Initialization & Empty-Config Bypass
Bypass Semantics: Initializing the service with an empty configuration string ("") now successfully initializes the Retrofit service layer in a bypass mode. The underlying Retrofit client is configured and traffic passes through normally without Approov protection. A subsequent initialize call with a valid string seamlessly enables Approov protection at runtime.
Public State Exporters: Added public static boolean isInitialized() and exposed public static boolean isApproovEnabled() to safely distinguish between "service layer ready" and "native SDK actively protecting traffic".
Fail-Fast Native Helpers: Consistently gated all direct native wrappers (precheck(), fetchToken(), getDeviceID(), fetchSecureString(), getAccountMessageSignature(), etc.) on isApproovEnabled(). Calling these methods while bypassed now immediately throws an ApproovException rather than reaching down and crashing the uninitialized native SDK.

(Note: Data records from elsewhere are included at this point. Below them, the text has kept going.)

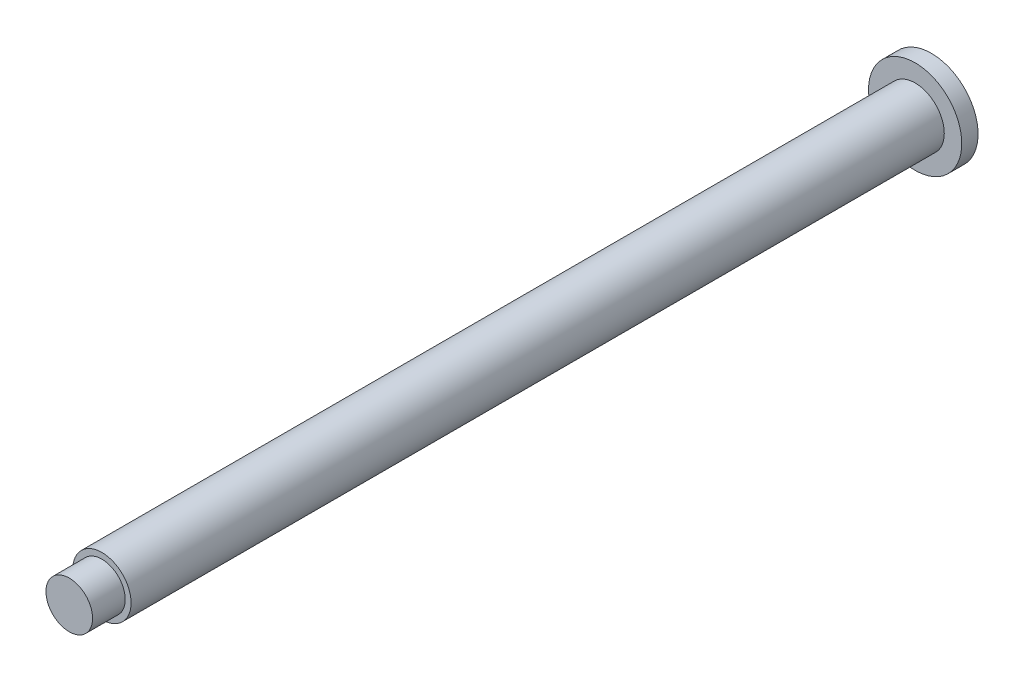
SolidWorks part; units mm, degrees
ref_plane "Front Plane" through (0, 0, 0) normal (1, 0, 0) x (0, 1, 0)
ref_plane "Top Plane" through (0, 0, 0) normal (0, 0, 1) x (0, 1, 0)
ref_plane "Right Plane" through (0, 0, 0) normal (0, 1, 0) x (-1, 0, 0)
sketch "Sketch1" plane through (0, 0, 0) normal (0, 0, 1) x (0, 1, 0)
  circle A0 centre (0, 0) radius 2.5
  dimension "D1" = 5
extrude "Boss-Extrude1" add sketch "Sketch1" along normal blind 69.75 contours A0
sketch "Sketch2" plane through (0, 0, 0) normal (0, 0, -1) x (1, 0, 0)
  circle A0 centre (0, 0) radius 4
  dimension "D1" = 8
extrude "Boss-Extrude2" add sketch "Sketch2" along normal blind 1.4
sketch "Sketch3" plane through (0, 0, -1.4) normal (0, 0, -1) x (1, 0, 0)
  circle A0 centre (0, 0) radius 2.05
  dimension "D1" = 4.1
extrude "Cut-Extrude1" cut sketch "Sketch3" against normal blind 3
sketch "Sketch4" plane through (0, 0, 69.75) normal (0, 0, 1) x (1, 0, 0)
  circle A0 centre (0, 0) radius 2
  dimension "D1" = 4
extrude "Boss-Extrude3" add sketch "Sketch4" along normal blind 2.8
equation "\"whitekey_cutout_length\"= 101.5"
equation "\"key_mount_recess_length\"=50"
equation "\"key_mount_recess_height\"=12.5"
equation "\"key_mount_recess_depth\"=1.5"
equation "\"wall_thickness\"=10"
equation "\"guide_brace_height\"=20"
equation "\"guide_brace_thickness\"=2"
equation "\"dowel_recess_depth\"=10"
equation "\"dowel_recess_offset\"=3.25"
equation "\"base_mount_height\"=40"
equation "\"base_rear_length\"=80"
equation "\"base_front_length\"=111.5"
equation "\"screw_hole_wall_offset\"=7.25"
equation "\"screw_hole_edge_inset\"=\"dowel_recess_depth\"/2"
equation "\"screw_hole_diameter\"=3.8"
equation "\"screw_head_hole_diameter\"=6.7"
equation "\"screw_nut_hole_side_len\"=3.5"
equation "\"screw_nut_recess_offset\"=0.35"
equation "\"screw_head_and_nut_recess_depth\"=2.5"
equation "\"screw_shaft_diameter\"=3.5"
equation "\"switch_board_width\"=30"
equation "\"switch_board_wall_offset\"=11.5"
equation "\"heatset_insert_hole_diameter\"=4.8"
equation "\"heatset_insert_hole_depth\"=3.8"
equation "\"front_rear_panel_width\"=23.75"
equation "\"rod_length_adj\"=0.5"
equation "\"rod_insert_length\"=2.8"
equation "\"D1@Boss-Extrude3\"=\"rod_insert_length\""
equation "\"D1@Boss-Extrude2\"=2-\"rod_length_adj\"-0.1"
equation "\"D1@Boss-Extrude1\"=\"rod_length_adj\"+69.25mm"
equation "\"switch_board_thickness\"=1.6"
equation "\"rod_diameter\"=5"
equation "\"rod_head_diameter\"=8"
equation "\"switch_black_key_mount_height\"=8"
equation "\"switch_white_key_mount_height\"=3"
equation "\"D1@Sketch1\"=\"rod_diameter\""
equation "\"D1@Sketch2\"=\"rod_head_diameter\""
equation "\"D1@Sketch3\"=\"rod_diameter\"-1+0.1"
equation "\"D1@Sketch4\"=\"rod_diameter\"-1"

Initialization Resilience: Tightened the initialization guard to tolerate benign, cross-service-layer same-config initializations, while properly throwing on legitimate different-configuration failures.
prefetch() Obsoletion: Deprecated prefetch() as a no-op that emits a warning log, aligning it with current SDK architectural behavior where native prefetching is automatic.
Short-Lived Failure Caching
Thread-Safe Caching: Implemented a 500ms failure cache (getCachedFailure / cacheFailureIfNeeded). When the platform SDK returns a hard failure status (NO_NETWORK, POOR_NETWORK, MITM_DETECTED, NO_APPROOV_SERVICE), the result is cached. Subsequent requests within that tight window short-circuit the interceptor, avoiding redundant ~1s SDK blocking calls.
Testing & Infrastructure Standardization
Unified Integration Testing: Added comprehensive test coverage for core service flows using the cross-platform ApproovServiceMiniSdkTest.java from core-service-layers-testing.
Clean Checkout Resilience: Modified settings.gradle and build.gradle to conditionally exclude the ApproovServiceMiniSdkTest source set when the sibling test-support module is missing. This completely resolves compilation failures on clean checkouts, ensuring the repository builds perfectly in standalone or public CI environments.